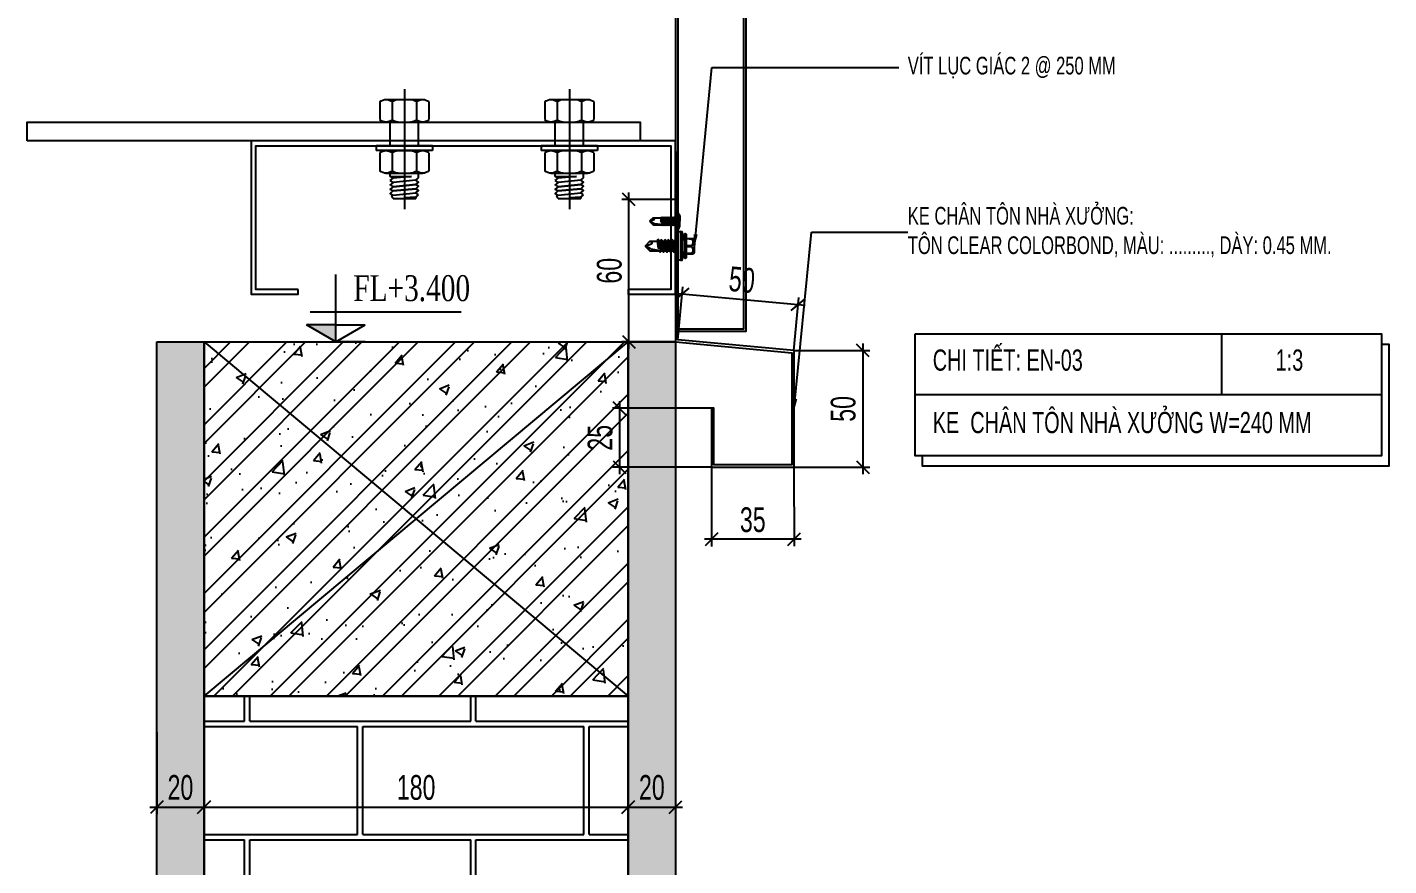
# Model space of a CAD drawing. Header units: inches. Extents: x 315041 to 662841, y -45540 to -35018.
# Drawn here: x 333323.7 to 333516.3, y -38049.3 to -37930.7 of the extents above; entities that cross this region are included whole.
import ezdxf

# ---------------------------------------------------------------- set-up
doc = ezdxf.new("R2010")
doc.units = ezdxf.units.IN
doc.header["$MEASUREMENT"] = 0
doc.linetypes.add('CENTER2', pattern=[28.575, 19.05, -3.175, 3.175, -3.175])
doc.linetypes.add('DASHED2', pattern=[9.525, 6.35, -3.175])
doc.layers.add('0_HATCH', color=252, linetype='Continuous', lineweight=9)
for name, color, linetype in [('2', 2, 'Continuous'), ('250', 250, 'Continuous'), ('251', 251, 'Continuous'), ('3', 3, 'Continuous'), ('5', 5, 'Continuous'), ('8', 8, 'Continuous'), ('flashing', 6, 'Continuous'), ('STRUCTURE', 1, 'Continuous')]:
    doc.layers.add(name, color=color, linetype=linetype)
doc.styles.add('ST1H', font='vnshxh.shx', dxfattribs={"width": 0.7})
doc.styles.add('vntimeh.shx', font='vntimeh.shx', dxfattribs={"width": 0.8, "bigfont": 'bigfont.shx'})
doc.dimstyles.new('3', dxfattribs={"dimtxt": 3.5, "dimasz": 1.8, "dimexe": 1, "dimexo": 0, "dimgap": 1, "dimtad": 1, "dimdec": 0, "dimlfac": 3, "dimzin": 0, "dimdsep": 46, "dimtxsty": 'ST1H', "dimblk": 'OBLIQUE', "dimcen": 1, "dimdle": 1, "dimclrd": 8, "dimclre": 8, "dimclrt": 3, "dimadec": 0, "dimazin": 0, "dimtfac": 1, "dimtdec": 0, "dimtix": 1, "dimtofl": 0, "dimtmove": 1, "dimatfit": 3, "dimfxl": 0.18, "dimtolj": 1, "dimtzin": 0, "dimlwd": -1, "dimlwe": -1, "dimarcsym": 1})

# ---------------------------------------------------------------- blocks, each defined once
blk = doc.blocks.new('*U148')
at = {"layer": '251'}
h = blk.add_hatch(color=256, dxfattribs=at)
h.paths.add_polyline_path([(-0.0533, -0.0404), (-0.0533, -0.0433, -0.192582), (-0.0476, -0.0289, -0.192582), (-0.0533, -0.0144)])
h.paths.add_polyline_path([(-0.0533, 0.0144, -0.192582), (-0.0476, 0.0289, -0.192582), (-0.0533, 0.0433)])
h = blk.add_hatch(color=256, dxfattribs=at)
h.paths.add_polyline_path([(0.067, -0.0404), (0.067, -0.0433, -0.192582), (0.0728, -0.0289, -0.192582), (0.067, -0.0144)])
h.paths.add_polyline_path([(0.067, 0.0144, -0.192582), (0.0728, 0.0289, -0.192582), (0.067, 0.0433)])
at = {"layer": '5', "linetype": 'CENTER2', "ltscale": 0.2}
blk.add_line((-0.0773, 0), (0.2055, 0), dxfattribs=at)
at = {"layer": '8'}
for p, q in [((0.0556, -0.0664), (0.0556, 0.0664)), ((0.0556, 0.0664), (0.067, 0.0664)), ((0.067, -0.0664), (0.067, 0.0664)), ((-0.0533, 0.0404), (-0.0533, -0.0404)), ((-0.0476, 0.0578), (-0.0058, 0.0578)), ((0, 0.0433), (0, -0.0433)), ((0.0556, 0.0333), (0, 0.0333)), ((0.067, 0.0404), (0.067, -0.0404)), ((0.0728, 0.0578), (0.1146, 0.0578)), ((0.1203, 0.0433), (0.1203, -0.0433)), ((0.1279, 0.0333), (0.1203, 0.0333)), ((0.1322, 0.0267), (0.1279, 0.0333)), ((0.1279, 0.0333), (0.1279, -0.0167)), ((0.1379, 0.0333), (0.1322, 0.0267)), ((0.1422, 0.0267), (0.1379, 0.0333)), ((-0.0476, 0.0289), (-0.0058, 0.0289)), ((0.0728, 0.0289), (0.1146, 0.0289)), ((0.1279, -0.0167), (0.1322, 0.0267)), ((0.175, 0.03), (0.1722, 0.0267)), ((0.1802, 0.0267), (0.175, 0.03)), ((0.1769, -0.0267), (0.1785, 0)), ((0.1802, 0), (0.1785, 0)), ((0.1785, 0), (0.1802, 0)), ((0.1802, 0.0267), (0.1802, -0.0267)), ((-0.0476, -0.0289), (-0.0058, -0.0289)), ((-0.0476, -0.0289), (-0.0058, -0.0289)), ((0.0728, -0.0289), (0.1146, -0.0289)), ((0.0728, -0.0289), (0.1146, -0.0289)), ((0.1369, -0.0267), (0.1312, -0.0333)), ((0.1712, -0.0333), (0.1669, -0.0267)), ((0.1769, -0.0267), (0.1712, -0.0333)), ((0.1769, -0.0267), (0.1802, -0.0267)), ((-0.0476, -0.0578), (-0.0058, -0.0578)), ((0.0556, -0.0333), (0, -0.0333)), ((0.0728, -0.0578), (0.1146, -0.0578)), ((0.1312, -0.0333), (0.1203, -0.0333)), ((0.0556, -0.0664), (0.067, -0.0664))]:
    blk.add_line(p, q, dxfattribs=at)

- [What the exercise asks]
The answer is the whole listing retyped exactly, with pictures omitted.

- [Output]
# Model space of a CAD drawing. Header units: inches. Extents: x 315041 to 662841, y -45540 to -35018.
# Drawn here: x 333323.7 to 333516.3, y -38049.3 to -37930.7 of the extents above; entities that cross this region are included whole.
import ezdxf

# ---------------------------------------------------------------- set-up
doc = ezdxf.new("R2010")
doc.units = ezdxf.units.IN
doc.header["$MEASUREMENT"] = 0
doc.linetypes.add('CENTER2', pattern=[28.575, 19.05, -3.175, 3.175, -3.175])
doc.linetypes.add('DASHED2', pattern=[9.525, 6.35, -3.175])
doc.layers.add('0_HATCH', color=252, linetype='Continuous', lineweight=9)
for name, color, linetype in [('2', 2, 'Continuous'), ('250', 250, 'Continuous'), ('251', 251, 'Continuous'), ('3', 3, 'Continuous'), ('5', 5, 'Continuous'), ('8', 8, 'Continuous'), ('flashing', 6, 'Continuous'), ('STRUCTURE', 1, 'Continuous')]:
    doc.layers.add(name, color=color, linetype=linetype)
doc.styles.add('ST1H', font='vnshxh.shx', dxfattribs={"width": 0.7})
doc.styles.add('vntimeh.shx', font='vntimeh.shx', dxfattribs={"width": 0.8, "bigfont": 'bigfont.shx'})
doc.dimstyles.new('3', dxfattribs={"dimtxt": 3.5, "dimasz": 1.8, "dimexe": 1, "dimexo": 0, "dimgap": 1, "dimtad": 1, "dimdec": 0, "dimlfac": 3, "dimzin": 0, "dimdsep": 46, "dimtxsty": 'ST1H', "dimblk": 'OBLIQUE', "dimcen": 1, "dimdle": 1, "dimclrd": 8, "dimclre": 8, "dimclrt": 3, "dimadec": 0, "dimazin": 0, "dimtfac": 1, "dimtdec": 0, "dimtix": 1, "dimtofl": 0, "dimtmove": 1, "dimatfit": 3, "dimfxl": 0.18, "dimtolj": 1, "dimtzin": 0, "dimlwd": -1, "dimlwe": -1, "dimarcsym": 1})

# ---------------------------------------------------------------- blocks, each defined once
blk = doc.blocks.new('*U148')
at = {"layer": '251'}
h = blk.add_hatch(color=256, dxfattribs=at)
h.paths.add_polyline_path([(-0.0533, -0.0404), (-0.0533, -0.0433, -0.192582), (-0.0476, -0.0289, -0.192582), (-0.0533, -0.0144)])
h.paths.add_polyline_path([(-0.0533, 0.0144, -0.192582), (-0.0476, 0.0289, -0.192582), (-0.0533, 0.0433)])
h = blk.add_hatch(color=256, dxfattribs=at)
h.paths.add_polyline_path([(0.067, -0.0404), (0.067, -0.0433, -0.192582), (0.0728, -0.0289, -0.192582), (0.067, -0.0144)])
h.paths.add_polyline_path([(0.067, 0.0144, -0.192582), (0.0728, 0.0289, -0.192582), (0.067, 0.0433)])
at = {"layer": '5', "linetype": 'CENTER2', "ltscale": 0.2}
blk.add_line((-0.0773, 0), (0.2055, 0), dxfattribs=at)
at = {"layer": '8'}
for p, q in [((0.0556, -0.0664), (0.0556, 0.0664)), ((0.0556, 0.0664), (0.067, 0.0664)), ((0.067, -0.0664), (0.067, 0.0664)), ((-0.0533, 0.0404), (-0.0533, -0.0404)), ((-0.0476, 0.0578), (-0.0058, 0.0578)), ((0, 0.0433), (0, -0.0433)), ((0.0556, 0.0333), (0, 0.0333)), ((0.067, 0.0404), (0.067, -0.0404)), ((0.0728, 0.0578), (0.1146, 0.0578)), ((0.1203, 0.0433), (0.1203, -0.0433)), ((0.1279, 0.0333), (0.1203, 0.0333)), ((0.1322, 0.0267), (0.1279, 0.0333)), ((0.1279, 0.0333), (0.1279, -0.0167)), ((0.1379, 0.0333), (0.1322, 0.0267)), ((0.1422, 0.0267), (0.1379, 0.0333)), ((-0.0476, 0.0289), (-0.0058, 0.0289)), ((0.0728, 0.0289), (0.1146, 0.0289)), ((0.1279, -0.0167), (0.1322, 0.0267)), ((0.175, 0.03), (0.1722, 0.0267)), ((0.1802, 0.0267), (0.175, 0.03)), ((0.1769, -0.0267), (0.1785, 0)), ((0.1802, 0), (0.1785, 0)), ((0.1785, 0), (0.1802, 0)), ((0.1802, 0.0267), (0.1802, -0.0267)), ((-0.0476, -0.0289), (-0.0058, -0.0289)), ((-0.0476, -0.0289), (-0.0058, -0.0289)), ((0.0728, -0.0289), (0.1146, -0.0289)), ((0.0728, -0.0289), (0.1146, -0.0289)), ((0.1369, -0.0267), (0.1312, -0.0333)), ((0.1712, -0.0333), (0.1669, -0.0267)), ((0.1769, -0.0267), (0.1712, -0.0333)), ((0.1769, -0.0267), (0.1802, -0.0267)), ((-0.0476, -0.0578), (-0.0058, -0.0578)), ((0.0556, -0.0333), (0, -0.0333)), ((0.0728, -0.0578), (0.1146, -0.0578)), ((0.1312, -0.0333), (0.1203, -0.0333)), ((0.0556, -0.0664), (0.067, -0.0664))]:
    blk.add_line(p, q, dxfattribs=at)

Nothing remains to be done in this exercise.